The OPA1678 op-amp. The OPA1678 from TI is a recent JFET-input single op-amp introduced in 2017. The OPA1678 is unusual among op-amps because it shows classic crossover distortion as given by an under-biased BJT audio power amplifier. It claims low distortion that “improves audio signal fidelity,” which indicates it is specially aimed at audio usage.
Figure 39 shows much more distortion than the 5532, due to the crossover distortion. Interestingly, Figure 40 shows lower distortion at low frequency in series mode rather than shunt mode, a similar result to that for the OPA1655. The 5532 is worse at low frequency but better at high frequency.
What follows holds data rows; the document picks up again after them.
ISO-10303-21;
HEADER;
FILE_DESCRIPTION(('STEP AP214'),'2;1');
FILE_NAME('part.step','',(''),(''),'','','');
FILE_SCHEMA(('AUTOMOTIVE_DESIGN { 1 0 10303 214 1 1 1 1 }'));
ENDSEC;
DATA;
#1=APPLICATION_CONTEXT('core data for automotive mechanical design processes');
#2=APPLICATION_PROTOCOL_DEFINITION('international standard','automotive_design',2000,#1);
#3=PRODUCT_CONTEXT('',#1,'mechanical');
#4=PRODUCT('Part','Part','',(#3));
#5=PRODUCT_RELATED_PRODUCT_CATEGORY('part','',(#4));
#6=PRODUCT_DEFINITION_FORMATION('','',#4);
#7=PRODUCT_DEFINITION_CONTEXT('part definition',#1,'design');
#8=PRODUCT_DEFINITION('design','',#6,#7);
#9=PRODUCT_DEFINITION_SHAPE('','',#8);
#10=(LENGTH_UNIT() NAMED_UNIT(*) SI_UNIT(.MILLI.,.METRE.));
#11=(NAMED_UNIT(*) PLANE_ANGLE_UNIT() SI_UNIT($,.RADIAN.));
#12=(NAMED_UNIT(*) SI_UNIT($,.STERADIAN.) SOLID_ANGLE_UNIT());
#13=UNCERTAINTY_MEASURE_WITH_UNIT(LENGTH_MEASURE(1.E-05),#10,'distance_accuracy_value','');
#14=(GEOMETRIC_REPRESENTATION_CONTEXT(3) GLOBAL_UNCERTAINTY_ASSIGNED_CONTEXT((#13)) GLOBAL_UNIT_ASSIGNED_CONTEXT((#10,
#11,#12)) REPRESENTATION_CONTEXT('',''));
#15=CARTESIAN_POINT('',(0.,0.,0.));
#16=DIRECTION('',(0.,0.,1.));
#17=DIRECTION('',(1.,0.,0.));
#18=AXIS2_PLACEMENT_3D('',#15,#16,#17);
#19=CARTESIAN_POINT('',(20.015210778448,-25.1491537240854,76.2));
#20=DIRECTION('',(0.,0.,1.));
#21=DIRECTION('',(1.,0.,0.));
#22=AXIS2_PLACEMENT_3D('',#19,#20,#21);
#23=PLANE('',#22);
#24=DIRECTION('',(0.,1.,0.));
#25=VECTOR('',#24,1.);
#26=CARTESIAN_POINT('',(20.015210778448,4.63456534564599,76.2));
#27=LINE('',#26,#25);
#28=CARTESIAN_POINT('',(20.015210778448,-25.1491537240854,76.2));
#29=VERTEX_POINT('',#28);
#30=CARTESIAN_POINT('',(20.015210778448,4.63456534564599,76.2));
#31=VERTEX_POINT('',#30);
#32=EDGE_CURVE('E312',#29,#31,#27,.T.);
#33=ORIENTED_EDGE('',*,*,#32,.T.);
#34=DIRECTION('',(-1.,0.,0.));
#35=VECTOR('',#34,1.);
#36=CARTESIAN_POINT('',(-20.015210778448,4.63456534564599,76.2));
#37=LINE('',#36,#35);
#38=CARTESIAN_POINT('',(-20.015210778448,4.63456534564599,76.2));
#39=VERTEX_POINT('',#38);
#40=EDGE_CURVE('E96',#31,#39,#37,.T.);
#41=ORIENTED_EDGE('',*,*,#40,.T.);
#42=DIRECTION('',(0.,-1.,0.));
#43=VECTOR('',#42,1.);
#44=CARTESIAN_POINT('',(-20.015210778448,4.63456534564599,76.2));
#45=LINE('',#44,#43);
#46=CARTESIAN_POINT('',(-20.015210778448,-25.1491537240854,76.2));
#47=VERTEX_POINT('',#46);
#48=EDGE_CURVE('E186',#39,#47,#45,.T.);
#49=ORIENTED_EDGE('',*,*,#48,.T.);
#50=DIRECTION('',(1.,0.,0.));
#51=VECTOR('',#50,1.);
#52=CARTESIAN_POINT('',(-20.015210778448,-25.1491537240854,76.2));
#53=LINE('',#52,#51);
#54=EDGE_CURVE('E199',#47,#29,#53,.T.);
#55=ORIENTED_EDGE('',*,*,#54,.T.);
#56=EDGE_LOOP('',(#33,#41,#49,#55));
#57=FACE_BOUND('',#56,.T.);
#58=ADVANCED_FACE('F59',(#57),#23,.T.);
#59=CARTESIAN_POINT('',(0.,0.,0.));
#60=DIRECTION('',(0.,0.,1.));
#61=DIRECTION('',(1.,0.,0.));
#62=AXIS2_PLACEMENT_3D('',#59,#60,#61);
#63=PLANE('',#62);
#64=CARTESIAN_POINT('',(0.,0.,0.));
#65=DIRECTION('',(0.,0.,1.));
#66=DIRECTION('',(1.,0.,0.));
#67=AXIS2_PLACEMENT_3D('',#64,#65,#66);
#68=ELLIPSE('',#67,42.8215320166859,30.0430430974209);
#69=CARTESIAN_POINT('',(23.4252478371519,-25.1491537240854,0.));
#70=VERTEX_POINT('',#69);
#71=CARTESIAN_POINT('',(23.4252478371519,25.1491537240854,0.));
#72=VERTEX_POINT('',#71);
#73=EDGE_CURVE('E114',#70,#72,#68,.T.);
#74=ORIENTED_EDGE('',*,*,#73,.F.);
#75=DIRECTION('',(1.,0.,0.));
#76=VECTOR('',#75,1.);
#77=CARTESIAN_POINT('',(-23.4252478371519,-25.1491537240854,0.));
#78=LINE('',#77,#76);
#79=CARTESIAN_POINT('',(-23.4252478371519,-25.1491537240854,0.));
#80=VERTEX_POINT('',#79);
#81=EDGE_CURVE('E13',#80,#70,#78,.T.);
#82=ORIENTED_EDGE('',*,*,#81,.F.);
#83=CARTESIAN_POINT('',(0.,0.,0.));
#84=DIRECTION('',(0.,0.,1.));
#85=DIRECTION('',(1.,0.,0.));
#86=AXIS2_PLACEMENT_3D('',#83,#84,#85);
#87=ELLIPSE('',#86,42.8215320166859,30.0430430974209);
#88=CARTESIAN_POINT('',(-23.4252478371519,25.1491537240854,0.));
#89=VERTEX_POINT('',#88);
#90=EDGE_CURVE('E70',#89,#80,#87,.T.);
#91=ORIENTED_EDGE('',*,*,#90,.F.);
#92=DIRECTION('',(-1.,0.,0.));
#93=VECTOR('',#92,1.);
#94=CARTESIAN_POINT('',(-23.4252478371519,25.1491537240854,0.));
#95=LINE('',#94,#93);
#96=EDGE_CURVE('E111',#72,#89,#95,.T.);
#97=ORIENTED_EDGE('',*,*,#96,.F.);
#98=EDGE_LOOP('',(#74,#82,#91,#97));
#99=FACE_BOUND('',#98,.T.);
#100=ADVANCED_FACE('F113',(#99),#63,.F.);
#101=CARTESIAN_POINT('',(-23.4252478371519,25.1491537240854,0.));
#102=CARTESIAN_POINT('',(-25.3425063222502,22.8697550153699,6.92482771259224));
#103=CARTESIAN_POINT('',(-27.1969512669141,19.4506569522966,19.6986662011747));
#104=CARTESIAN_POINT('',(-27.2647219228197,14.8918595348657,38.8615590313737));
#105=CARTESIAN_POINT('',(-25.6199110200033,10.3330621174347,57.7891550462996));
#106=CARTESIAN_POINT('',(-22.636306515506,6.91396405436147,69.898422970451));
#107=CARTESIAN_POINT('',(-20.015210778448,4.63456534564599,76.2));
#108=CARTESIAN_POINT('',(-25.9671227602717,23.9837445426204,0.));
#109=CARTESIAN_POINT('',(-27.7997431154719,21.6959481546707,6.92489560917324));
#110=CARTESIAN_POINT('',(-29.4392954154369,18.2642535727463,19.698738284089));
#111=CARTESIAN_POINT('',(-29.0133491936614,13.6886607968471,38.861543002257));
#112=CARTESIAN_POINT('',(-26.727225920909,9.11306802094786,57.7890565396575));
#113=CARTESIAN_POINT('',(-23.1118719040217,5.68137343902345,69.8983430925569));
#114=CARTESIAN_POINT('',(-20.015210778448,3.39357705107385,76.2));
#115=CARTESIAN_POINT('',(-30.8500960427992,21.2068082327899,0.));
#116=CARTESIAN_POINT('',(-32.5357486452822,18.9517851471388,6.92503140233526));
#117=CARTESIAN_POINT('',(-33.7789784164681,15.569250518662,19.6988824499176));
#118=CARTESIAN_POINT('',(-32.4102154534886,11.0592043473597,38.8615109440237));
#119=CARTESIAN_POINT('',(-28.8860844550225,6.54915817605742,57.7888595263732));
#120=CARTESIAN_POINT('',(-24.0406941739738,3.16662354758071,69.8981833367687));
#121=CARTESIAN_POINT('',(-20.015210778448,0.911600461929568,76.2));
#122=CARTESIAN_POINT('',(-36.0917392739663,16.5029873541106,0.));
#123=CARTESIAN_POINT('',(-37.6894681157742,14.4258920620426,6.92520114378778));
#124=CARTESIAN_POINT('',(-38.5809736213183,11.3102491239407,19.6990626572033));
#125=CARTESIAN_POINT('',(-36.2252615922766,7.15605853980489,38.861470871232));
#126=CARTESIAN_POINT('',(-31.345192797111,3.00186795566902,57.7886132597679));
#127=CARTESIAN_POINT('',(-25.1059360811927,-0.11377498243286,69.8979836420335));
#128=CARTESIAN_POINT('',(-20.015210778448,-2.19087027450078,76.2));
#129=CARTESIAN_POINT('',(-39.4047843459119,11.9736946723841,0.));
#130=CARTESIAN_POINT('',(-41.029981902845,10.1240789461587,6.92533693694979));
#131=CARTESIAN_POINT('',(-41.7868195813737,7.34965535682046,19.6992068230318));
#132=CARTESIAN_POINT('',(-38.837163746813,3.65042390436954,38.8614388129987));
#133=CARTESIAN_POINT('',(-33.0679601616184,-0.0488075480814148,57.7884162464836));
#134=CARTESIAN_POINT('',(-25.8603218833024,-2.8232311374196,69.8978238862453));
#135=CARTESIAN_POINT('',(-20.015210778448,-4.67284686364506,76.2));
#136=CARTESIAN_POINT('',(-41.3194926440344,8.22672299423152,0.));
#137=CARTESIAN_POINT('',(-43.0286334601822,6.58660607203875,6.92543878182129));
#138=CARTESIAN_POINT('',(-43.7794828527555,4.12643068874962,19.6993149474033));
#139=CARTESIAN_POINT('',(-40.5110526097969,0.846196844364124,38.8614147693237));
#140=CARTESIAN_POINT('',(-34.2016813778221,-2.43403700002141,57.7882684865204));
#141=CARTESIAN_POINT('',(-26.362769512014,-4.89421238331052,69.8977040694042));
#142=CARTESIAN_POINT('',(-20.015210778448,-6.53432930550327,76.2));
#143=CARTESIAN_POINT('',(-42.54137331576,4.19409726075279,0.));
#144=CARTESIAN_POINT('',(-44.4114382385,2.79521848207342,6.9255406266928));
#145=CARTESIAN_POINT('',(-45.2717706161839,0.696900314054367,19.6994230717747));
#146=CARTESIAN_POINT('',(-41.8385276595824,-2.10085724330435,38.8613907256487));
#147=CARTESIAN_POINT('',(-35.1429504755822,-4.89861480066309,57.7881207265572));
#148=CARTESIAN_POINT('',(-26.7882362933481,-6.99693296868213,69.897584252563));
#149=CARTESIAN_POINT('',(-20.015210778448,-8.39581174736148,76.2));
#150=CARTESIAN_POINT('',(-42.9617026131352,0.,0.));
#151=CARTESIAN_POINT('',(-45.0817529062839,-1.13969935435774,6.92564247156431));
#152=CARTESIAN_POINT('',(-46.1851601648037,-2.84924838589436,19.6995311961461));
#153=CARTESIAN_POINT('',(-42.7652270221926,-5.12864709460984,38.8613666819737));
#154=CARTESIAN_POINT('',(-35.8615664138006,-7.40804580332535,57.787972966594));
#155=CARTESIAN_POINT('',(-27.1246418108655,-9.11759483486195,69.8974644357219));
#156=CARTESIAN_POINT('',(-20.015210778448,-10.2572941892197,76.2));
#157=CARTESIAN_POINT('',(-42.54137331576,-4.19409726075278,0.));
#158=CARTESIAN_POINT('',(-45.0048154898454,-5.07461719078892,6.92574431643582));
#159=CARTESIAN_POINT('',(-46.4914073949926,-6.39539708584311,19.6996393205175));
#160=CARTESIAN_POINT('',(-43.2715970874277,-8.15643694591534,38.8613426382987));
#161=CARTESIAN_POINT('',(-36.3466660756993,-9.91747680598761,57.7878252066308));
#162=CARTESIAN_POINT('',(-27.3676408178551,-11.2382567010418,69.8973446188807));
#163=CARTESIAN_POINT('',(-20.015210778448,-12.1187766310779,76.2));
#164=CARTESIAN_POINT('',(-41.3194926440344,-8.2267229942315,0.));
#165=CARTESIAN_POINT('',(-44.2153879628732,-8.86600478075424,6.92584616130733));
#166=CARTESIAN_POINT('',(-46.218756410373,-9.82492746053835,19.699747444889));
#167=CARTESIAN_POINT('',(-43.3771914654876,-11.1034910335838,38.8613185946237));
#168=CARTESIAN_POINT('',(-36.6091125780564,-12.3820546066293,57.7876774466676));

The voltage-follower results in Figure 41 shows distortion reduced by a factor of about three, which corresponds to the increase in negative feedback in this mode. This is probably a result of the obvious crossover distortion; other op-amps do not show this tidy relationship. Distortion at high frequency is lower than for the 5532.
Adding a source resistance Rs as in Figure 42 has greatly increased the total distortion, which is already high. For Rs = 2.2kΩ or less the 5532 is more linear.
Conclusions Based on These Tests
The OPA2210 has more distortion than the NE5532 with shunt and series feedback, but less as a voltage-follower. It is generally beaten by the NE5532. The LM4562 is definitely better than the NE5532 with light output loading, but the common mode distortion is generally worse.
The OPA1642 cannot drive 500Ω loads in normal circumstances. But its low distortion with significant Rs stands out above all other op-amps tested.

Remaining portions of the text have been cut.